Tampoco encontraron el supuesto vehículo que se llevó las sacas por la puerta de empleados, donde no había cámaras. Los ladrones y el botín se hicieron humo.
A la semana volvieron a reunirse. El último en llegar fue Toño. Estaba casi tan desencajado como durante el asalto. Tenía barba de días. Y ahora fumaba.
– La guita no está. –Así nomás, de entrada y sin filtro.
– ¿Cómo que no está? A ver, aclará un poco – Ruiz tiró el faso, y levantó la cabeza.
– Dejé la guita en las cajas de las resmas que había en el pasillo, como quedamos. Como dijo el jefe, nadie iba a tocar esas cajas durante al menos un mes, porque estaban destinados a otra sucursal. Hoy me las llevé, en teoría a la sucursal. Paré por el camino, saqué las resmas de la caja marcada, las que usé para tapar la guita. Y nada. No estaba. Los dólares no estaban.
La mano de Ruiz se movió tan rápido que pareció que estaba en el cuello de Toño desde antes.
–¡Nos mejicaneaste, hijo de puta! –, dijo mordiendo las palabras.

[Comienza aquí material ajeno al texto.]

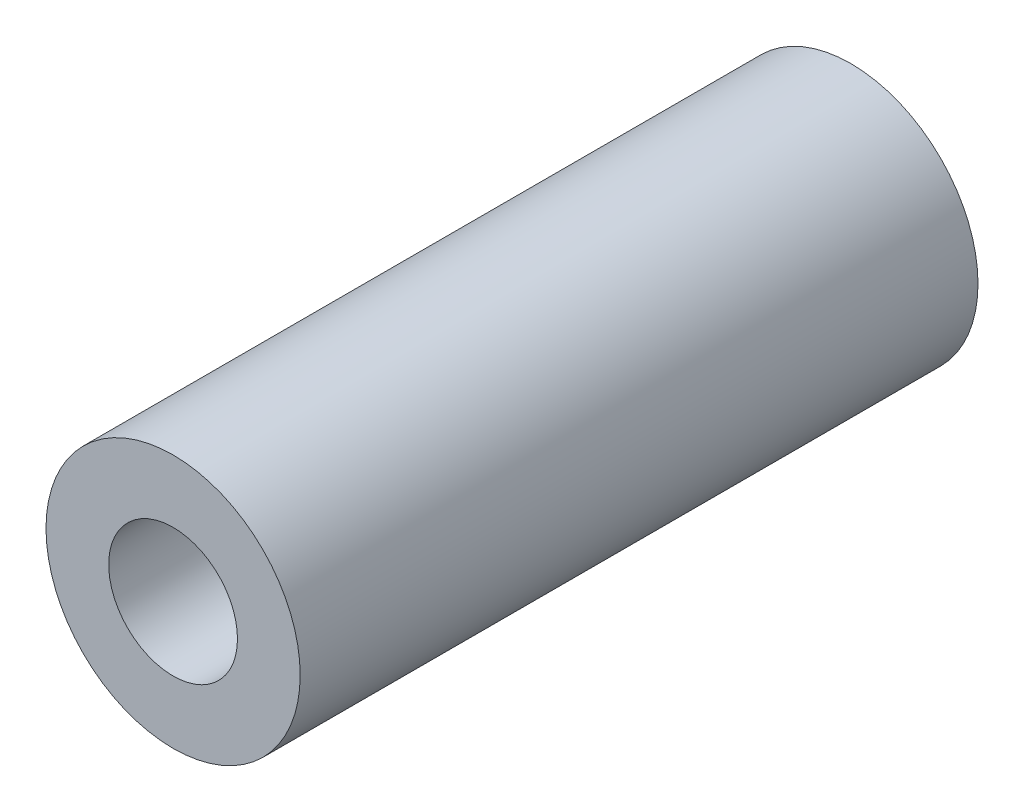
ISO-10303-21;
HEADER;
FILE_DESCRIPTION(('STEP AP214'),'2;1');
FILE_NAME('part.step','',(''),(''),'','','');
FILE_SCHEMA(('AUTOMOTIVE_DESIGN { 1 0 10303 214 1 1 1 1 }'));
ENDSEC;
DATA;
#1=APPLICATION_CONTEXT('core data for automotive mechanical design processes');
#2=APPLICATION_PROTOCOL_DEFINITION('international standard','automotive_design',2000,#1);
#3=PRODUCT_CONTEXT('',#1,'mechanical');
#4=PRODUCT('Part','Part','',(#3));
#5=PRODUCT_RELATED_PRODUCT_CATEGORY('part','',(#4));
#6=PRODUCT_DEFINITION_FORMATION('','',#4);
#7=PRODUCT_DEFINITION_CONTEXT('part definition',#1,'design');
#8=PRODUCT_DEFINITION('design','',#6,#7);
#9=PRODUCT_DEFINITION_SHAPE('','',#8);
#10=(LENGTH_UNIT() NAMED_UNIT(*) SI_UNIT(.MILLI.,.METRE.));
#11=(NAMED_UNIT(*) PLANE_ANGLE_UNIT() SI_UNIT($,.RADIAN.));
#12=(NAMED_UNIT(*) SI_UNIT($,.STERADIAN.) SOLID_ANGLE_UNIT());
#13=UNCERTAINTY_MEASURE_WITH_UNIT(LENGTH_MEASURE(1.E-05),#10,'distance_accuracy_value','');
#14=(GEOMETRIC_REPRESENTATION_CONTEXT(3) GLOBAL_UNCERTAINTY_ASSIGNED_CONTEXT((#13)) GLOBAL_UNIT_ASSIGNED_CONTEXT((#10,
#11,#12)) REPRESENTATION_CONTEXT('',''));
#15=CARTESIAN_POINT('',(0.,0.,0.));
#16=DIRECTION('',(0.,0.,1.));
#17=DIRECTION('',(1.,0.,0.));
#18=AXIS2_PLACEMENT_3D('',#15,#16,#17);
#19=CARTESIAN_POINT('',(0.,0.,50.8));
#20=DIRECTION('',(0.,0.,1.));
#21=DIRECTION('',(1.,0.,0.));
#22=AXIS2_PLACEMENT_3D('',#19,#20,#21);
#23=PLANE('',#22);
#24=CARTESIAN_POINT('',(0.,0.,50.8));
#25=DIRECTION('',(0.,0.,1.));
#26=DIRECTION('',(1.,0.,0.));
#27=AXIS2_PLACEMENT_3D('',#24,#25,#26);
#28=CIRCLE('',#27,9.525);
#29=CARTESIAN_POINT('',(9.525,0.,50.8));
#30=VERTEX_POINT('',#29);
#31=EDGE_CURVE('E10',#30,#30,#28,.T.);
#32=ORIENTED_EDGE('',*,*,#31,.T.);
#33=EDGE_LOOP('',(#32));
#34=FACE_BOUND('',#33,.T.);
#35=CARTESIAN_POINT('',(0.,0.,50.8));
#36=DIRECTION('',(0.,0.,1.));
#37=DIRECTION('',(1.,0.,0.));
#38=AXIS2_PLACEMENT_3D('',#35,#36,#37);
#39=CIRCLE('',#38,4.826);
#40=CARTESIAN_POINT('',(4.826,0.,50.8));
#41=VERTEX_POINT('',#40);
#42=EDGE_CURVE('E56',#41,#41,#39,.T.);
#43=ORIENTED_EDGE('',*,*,#42,.F.);
#44=EDGE_LOOP('',(#43));
#45=FACE_BOUND('',#44,.T.);
#46=ADVANCED_FACE('F41',(#34,#45),#23,.T.);
#47=CARTESIAN_POINT('',(0.,0.,0.));
#48=DIRECTION('',(0.,0.,1.));
#49=DIRECTION('',(1.,0.,0.));
#50=AXIS2_PLACEMENT_3D('',#47,#48,#49);
#51=PLANE('',#50);
#52=CARTESIAN_POINT('',(0.,0.,0.));
#53=DIRECTION('',(0.,0.,1.));
#54=DIRECTION('',(1.,0.,0.));
#55=AXIS2_PLACEMENT_3D('',#52,#53,#54);
#56=CIRCLE('',#55,9.525);
#57=CARTESIAN_POINT('',(9.525,0.,0.));
#58=VERTEX_POINT('',#57);
#59=EDGE_CURVE('E45',#58,#58,#56,.T.);
#60=ORIENTED_EDGE('',*,*,#59,.F.);
#61=EDGE_LOOP('',(#60));
#62=FACE_BOUND('',#61,.T.);
#63=CARTESIAN_POINT('',(0.,0.,0.));
#64=DIRECTION('',(0.,0.,1.));
#65=DIRECTION('',(1.,0.,0.));
#66=AXIS2_PLACEMENT_3D('',#63,#64,#65);
#67=CIRCLE('',#66,4.826);
#68=CARTESIAN_POINT('',(4.826,0.,0.));
#69=VERTEX_POINT('',#68);
#70=EDGE_CURVE('E58',#69,#69,#67,.T.);
#71=ORIENTED_EDGE('',*,*,#70,.T.);
#72=EDGE_LOOP('',(#71));
#73=FACE_BOUND('',#72,.T.);
#74=ADVANCED_FACE('F71',(#62,#73),#51,.F.);
#75=CARTESIAN_POINT('',(0.,0.,50.8));
#76=DIRECTION('',(0.,0.,-1.));
#77=DIRECTION('',(-1.,0.,0.));
#78=AXIS2_PLACEMENT_3D('',#75,#76,#77);
#79=CYLINDRICAL_SURFACE('',#78,9.525);
#80=ORIENTED_EDGE('',*,*,#31,.F.);
#81=EDGE_LOOP('',(#80));
#82=FACE_BOUND('',#81,.T.);
#83=ORIENTED_EDGE('',*,*,#59,.T.);
#84=EDGE_LOOP('',(#83));
#85=FACE_BOUND('',#84,.T.);
#86=ADVANCED_FACE('F43',(#82,#85),#79,.T.);
#87=CARTESIAN_POINT('',(0.,0.,50.8));
#88=DIRECTION('',(0.,0.,-1.));
#89=DIRECTION('',(-1.,0.,0.));
#90=AXIS2_PLACEMENT_3D('',#87,#88,#89);
#91=CYLINDRICAL_SURFACE('',#90,4.826);
#92=ORIENTED_EDGE('',*,*,#42,.T.);
#93=EDGE_LOOP('',(#92));
#94=FACE_BOUND('',#93,.T.);
#95=ORIENTED_EDGE('',*,*,#70,.F.);
#96=EDGE_LOOP('',(#95));
#97=FACE_BOUND('',#96,.T.);
#98=ADVANCED_FACE('F67',(#94,#97),#91,.F.);
#99=CLOSED_SHELL('',(#46,#74,#86,#98));
#100=MANIFOLD_SOLID_BREP('B2',#99);
#101=ADVANCED_BREP_SHAPE_REPRESENTATION('',(#18,#100),#14);
#102=SHAPE_DEFINITION_REPRESENTATION(#9,#101);
ENDSEC;
END-ISO-10303-21;
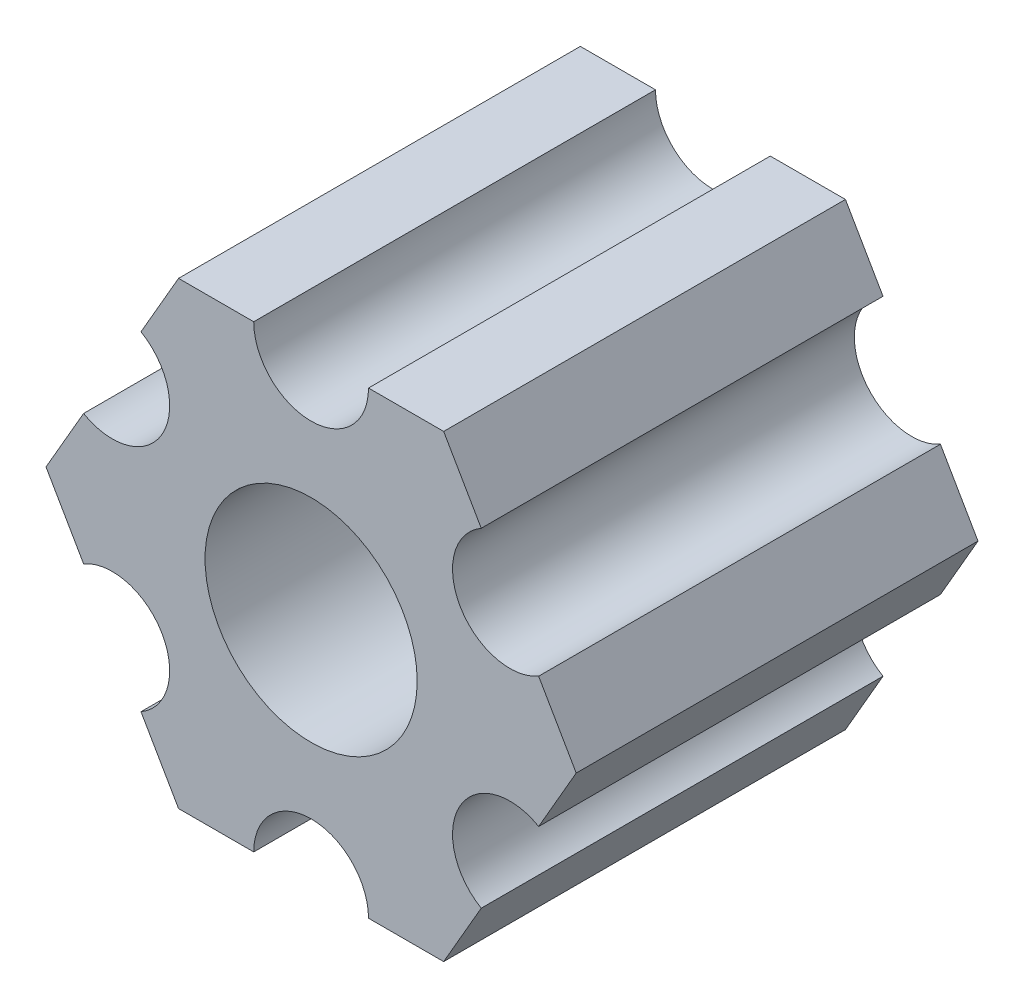
ISO-10303-21;
HEADER;
FILE_DESCRIPTION(('STEP AP214'),'2;1');
FILE_NAME('part.step','',(''),(''),'','','');
FILE_SCHEMA(('AUTOMOTIVE_DESIGN { 1 0 10303 214 1 1 1 1 }'));
ENDSEC;
DATA;
#1=APPLICATION_CONTEXT('core data for automotive mechanical design processes');
#2=APPLICATION_PROTOCOL_DEFINITION('international standard','automotive_design',2000,#1);
#3=PRODUCT_CONTEXT('',#1,'mechanical');
#4=PRODUCT('Part','Part','',(#3));
#5=PRODUCT_RELATED_PRODUCT_CATEGORY('part','',(#4));
#6=PRODUCT_DEFINITION_FORMATION('','',#4);
#7=PRODUCT_DEFINITION_CONTEXT('part definition',#1,'design');
#8=PRODUCT_DEFINITION('design','',#6,#7);
#9=PRODUCT_DEFINITION_SHAPE('','',#8);
#10=(LENGTH_UNIT() NAMED_UNIT(*) SI_UNIT(.MILLI.,.METRE.));
#11=(NAMED_UNIT(*) PLANE_ANGLE_UNIT() SI_UNIT($,.RADIAN.));
#12=(NAMED_UNIT(*) SI_UNIT($,.STERADIAN.) SOLID_ANGLE_UNIT());
#13=UNCERTAINTY_MEASURE_WITH_UNIT(LENGTH_MEASURE(1.E-05),#10,'distance_accuracy_value','');
#14=(GEOMETRIC_REPRESENTATION_CONTEXT(3) GLOBAL_UNCERTAINTY_ASSIGNED_CONTEXT((#13)) GLOBAL_UNIT_ASSIGNED_CONTEXT((#10,
#11,#12)) REPRESENTATION_CONTEXT('',''));
#15=CARTESIAN_POINT('',(0.,0.,0.));
#16=DIRECTION('',(0.,0.,1.));
#17=DIRECTION('',(1.,0.,0.));
#18=AXIS2_PLACEMENT_3D('',#15,#16,#17);
#19=CARTESIAN_POINT('',(5.49926150638083,-3.17499966684068,15.875));
#20=DIRECTION('',(0.,0.,-1.));
#21=DIRECTION('',(-1.,0.,0.));
#22=AXIS2_PLACEMENT_3D('',#19,#20,#21);
#23=CYLINDRICAL_SURFACE('',#22,1.58750000000001);
#24=DIRECTION('',(0.,0.,-1.));
#25=VECTOR('',#24,1.);
#26=CARTESIAN_POINT('',(6.29301142309098,-1.80018429024546,15.875));
#27=LINE('',#26,#25);
#28=CARTESIAN_POINT('',(6.29301142309098,-1.80018429024546,11.1125));
#29=VERTEX_POINT('',#28);
#30=CARTESIAN_POINT('',(6.29301142309098,-1.80018429024546,0.));
#31=VERTEX_POINT('',#30);
#32=EDGE_CURVE('E11',#29,#31,#27,.T.);
#33=ORIENTED_EDGE('',*,*,#32,.F.);
#34=CARTESIAN_POINT('',(5.49926150638083,-3.17499966684068,11.1125));
#35=DIRECTION('',(0.,0.,-1.));
#36=DIRECTION('',(1.,0.,0.));
#37=AXIS2_PLACEMENT_3D('',#34,#35,#36);
#38=CIRCLE('',#37,1.58750000000001);
#39=CARTESIAN_POINT('',(4.70551158967068,-4.54981504343589,11.1125));
#40=VERTEX_POINT('',#39);
#41=EDGE_CURVE('E271',#40,#29,#38,.T.);
#42=ORIENTED_EDGE('',*,*,#41,.F.);
#43=DIRECTION('',(0.,0.,-1.));
#44=VECTOR('',#43,1.);
#45=CARTESIAN_POINT('',(4.70551158967068,-4.54981504343589,15.875));
#46=LINE('',#45,#44);
#47=CARTESIAN_POINT('',(4.70551158967068,-4.54981504343589,0.));
#48=VERTEX_POINT('',#47);
#49=EDGE_CURVE('E199',#40,#48,#46,.T.);
#50=ORIENTED_EDGE('',*,*,#49,.T.);
#51=CARTESIAN_POINT('',(5.49926150638083,-3.17499966684068,0.));
#52=DIRECTION('',(0.,0.,1.));
#53=DIRECTION('',(1.,0.,0.));
#54=AXIS2_PLACEMENT_3D('',#51,#52,#53);
#55=CIRCLE('',#54,1.58750000000001);
#56=EDGE_CURVE('E273',#31,#48,#55,.T.);
#57=ORIENTED_EDGE('',*,*,#56,.F.);
#58=EDGE_LOOP('',(#33,#42,#50,#57));
#59=FACE_BOUND('',#58,.T.);
#60=ADVANCED_FACE('F32',(#59),#23,.F.);
#61=CARTESIAN_POINT('',(7.33234841870826,4.44212518856872E-07,15.875));
#62=DIRECTION('',(0.866025434075723,-0.499999947533953,0.));
#63=DIRECTION('',(0.499999947533953,0.866025434075723,0.));
#64=AXIS2_PLACEMENT_3D('',#61,#62,#63);
#65=PLANE('',#64);
#66=DIRECTION('',(0.,0.,-1.));
#67=VECTOR('',#66,1.);
#68=CARTESIAN_POINT('',(7.33234841870826,4.44212518856872E-07,15.875));
#69=LINE('',#68,#67);
#70=CARTESIAN_POINT('',(7.33234841870826,4.44212518856872E-07,11.1125));
#71=VERTEX_POINT('',#70);
#72=CARTESIAN_POINT('',(7.33234841870826,4.44212518856872E-07,0.));
#73=VERTEX_POINT('',#72);
#74=EDGE_CURVE('E40',#71,#73,#69,.T.);
#75=ORIENTED_EDGE('',*,*,#74,.F.);
#76=DIRECTION('',(0.499999947533953,0.866025434075723,0.));
#77=VECTOR('',#76,1.);
#78=CARTESIAN_POINT('',(7.33234841870826,4.44212518856872E-07,11.1125));
#79=LINE('',#78,#77);
#80=EDGE_CURVE('E270',#29,#71,#79,.T.);
#81=ORIENTED_EDGE('',*,*,#80,.F.);
#82=ORIENTED_EDGE('',*,*,#32,.T.);
#83=DIRECTION('',(-0.499999947533953,-0.866025434075723,0.));
#84=VECTOR('',#83,1.);
#85=CARTESIAN_POINT('',(7.33234841870826,4.44212518856872E-07,0.));
#86=LINE('',#85,#84);
#87=EDGE_CURVE('E200',#73,#31,#86,.T.);
#88=ORIENTED_EDGE('',*,*,#87,.F.);
#89=EDGE_LOOP('',(#75,#81,#82,#88));
#90=FACE_BOUND('',#89,.T.);
#91=ADVANCED_FACE('F269',(#90),#65,.T.);
#92=CARTESIAN_POINT('',(6.29301120497139,1.80018505273895,15.875));
#93=DIRECTION('',(0.866025373493145,0.500000052466056,0.));
#94=DIRECTION('',(-0.500000052466056,0.866025373493145,0.));
#95=AXIS2_PLACEMENT_3D('',#92,#93,#94);
#96=PLANE('',#95);
#97=DIRECTION('',(0.,0.,-1.));
#98=VECTOR('',#97,1.);
#99=CARTESIAN_POINT('',(6.29301120497139,1.80018505273895,15.875));
#100=LINE('',#99,#98);
#101=CARTESIAN_POINT('',(6.29301120497139,1.80018505273895,11.1125));
#102=VERTEX_POINT('',#101);
#103=CARTESIAN_POINT('',(6.29301120497139,1.80018505273895,0.));
#104=VERTEX_POINT('',#103);
#105=EDGE_CURVE('E216',#102,#104,#100,.T.);
#106=ORIENTED_EDGE('',*,*,#105,.F.);
#107=DIRECTION('',(-0.500000052466056,0.866025373493145,0.));
#108=VECTOR('',#107,1.);
#109=CARTESIAN_POINT('',(6.29301120497139,1.80018505273895,11.1125));
#110=LINE('',#109,#108);
#111=EDGE_CURVE('E268',#71,#102,#110,.T.);
#112=ORIENTED_EDGE('',*,*,#111,.F.);
#113=ORIENTED_EDGE('',*,*,#74,.T.);
#114=DIRECTION('',(0.500000052466056,-0.866025373493145,0.));
#115=VECTOR('',#114,1.);
#116=CARTESIAN_POINT('',(6.29301120497139,1.80018505273895,0.));
#117=LINE('',#116,#115);
#118=EDGE_CURVE('E206',#104,#73,#117,.T.);
#119=ORIENTED_EDGE('',*,*,#118,.F.);
#120=EDGE_LOOP('',(#106,#112,#113,#119));
#121=FACE_BOUND('',#120,.T.);
#122=ADVANCED_FACE('F266',(#121),#96,.T.);
#123=CARTESIAN_POINT('',(5.49926112168152,3.17500033315931,15.875));
#124=DIRECTION('',(0.,0.,-1.));
#125=DIRECTION('',(-1.,0.,0.));
#126=AXIS2_PLACEMENT_3D('',#123,#124,#125);
#127=CYLINDRICAL_SURFACE('',#126,1.5875);
#128=DIRECTION('',(0.,0.,-1.));
#129=VECTOR('',#128,1.);
#130=CARTESIAN_POINT('',(4.70551103839166,4.54981561357968,15.875));
#131=LINE('',#130,#129);
#132=CARTESIAN_POINT('',(4.70551103839166,4.54981561357968,11.1125));
#133=VERTEX_POINT('',#132);
#134=CARTESIAN_POINT('',(4.70551103839166,4.54981561357968,0.));
#135=VERTEX_POINT('',#134);
#136=EDGE_CURVE('E218',#133,#135,#131,.T.);
#137=ORIENTED_EDGE('',*,*,#136,.F.);
#138=CARTESIAN_POINT('',(5.49926112168152,3.17500033315931,11.1125));
#139=DIRECTION('',(0.,0.,-1.));
#140=DIRECTION('',(1.,0.,0.));
#141=AXIS2_PLACEMENT_3D('',#138,#139,#140);
#142=CIRCLE('',#141,1.5875);
#143=EDGE_CURVE('E263',#102,#133,#142,.T.);
#144=ORIENTED_EDGE('',*,*,#143,.F.);
#145=ORIENTED_EDGE('',*,*,#105,.T.);
#146=CARTESIAN_POINT('',(5.49926112168152,3.17500033315931,0.));
#147=DIRECTION('',(0.,0.,1.));
#148=DIRECTION('',(1.,0.,0.));
#149=AXIS2_PLACEMENT_3D('',#146,#147,#148);
#150=CIRCLE('',#149,1.5875);
#151=EDGE_CURVE('E211',#135,#104,#150,.T.);
#152=ORIENTED_EDGE('',*,*,#151,.F.);
#153=EDGE_LOOP('',(#137,#144,#145,#152));
#154=FACE_BOUND('',#153,.T.);
#155=ADVANCED_FACE('F260',(#154),#127,.F.);
#156=CARTESIAN_POINT('',(3.66617382465472,6.35000022210622,15.875));
#157=DIRECTION('',(0.866025373493145,0.500000052466056,0.));
#158=DIRECTION('',(-0.500000052466056,0.866025373493145,0.));
#159=AXIS2_PLACEMENT_3D('',#156,#157,#158);
#160=PLANE('',#159);
#161=DIRECTION('',(0.,0.,-1.));
#162=VECTOR('',#161,1.);
#163=CARTESIAN_POINT('',(3.66617382465472,6.35000022210622,15.875));
#164=LINE('',#163,#162);
#165=CARTESIAN_POINT('',(3.66617382465472,6.35000022210622,11.1125));
#166=VERTEX_POINT('',#165);
#167=CARTESIAN_POINT('',(3.66617382465472,6.35000022210622,0.));
#168=VERTEX_POINT('',#167);
#169=EDGE_CURVE('E220',#166,#168,#164,.T.);
#170=ORIENTED_EDGE('',*,*,#169,.F.);
#171=DIRECTION('',(-0.500000052466057,0.866025373493145,0.));
#172=VECTOR('',#171,1.);
#173=CARTESIAN_POINT('',(3.66617382465472,6.35000022210622,11.1125));
#174=LINE('',#173,#172);
#175=EDGE_CURVE('E322',#133,#166,#174,.T.);
#176=ORIENTED_EDGE('',*,*,#175,.F.);
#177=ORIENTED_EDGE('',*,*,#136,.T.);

– Claro, boludo. Y vine a contárselo para que me caguen a tiros…
Estuvieron así, inmóviles, como si fuese un problema de streaming. Hasta que habló el Zabeca.
– Tiene razón, Ruiz. Alguien sacó la guita.
– Alguien que sabía que estaba ahí. La caja es igual a las otras diez, salvo por la marca imperceptible que le hice. El paquete estaba debajo de la última resma, Yo saqué una para que encajara perfectamente. Y cuando revisé faltaba una resma, pero el paquete también.
Se sentaron. No, se derrumbaron en lo que hubiera en el refugio, sillas, sillones, piso. El Zabeca lo expresó por los tres:
–El jefe.
El jefe había hablado con los tres. Sólo por teléfono, con la voz distorsionada. El jefe los conocía, pero ninguno conocía al jefe.
El jefe los había mejicaneado.
–¡El jefe y la reputísima madre que lo reparió! –Toño expresó con claridad meridiana el sentimiento mutuo.


Quién diría, ¿no?, que tan pequeña y sórdida historia tuviera que ver con el asesinato, cinco años después, y en la Costa Azul, de aquel hombre generoso en propinas, amante del sol y de las muchachas, siempre tan atildado, siempre con corbatas al tono de sus trajes caros, siempre con camisas tan blancas que encandilaban.
El  taxista, flaco  sumido, con tos recurrente, aunque ya no fumaba, cerró el diario. Ahora, al fin, podría usar su parte. Aunque había sido generoso con Toño, nunca quiso arriesgarse mientras vivía. El Zabeca, claro, nunca se había entrado quién era el verdadero jefe, ni que el único mejicaneado había sido él.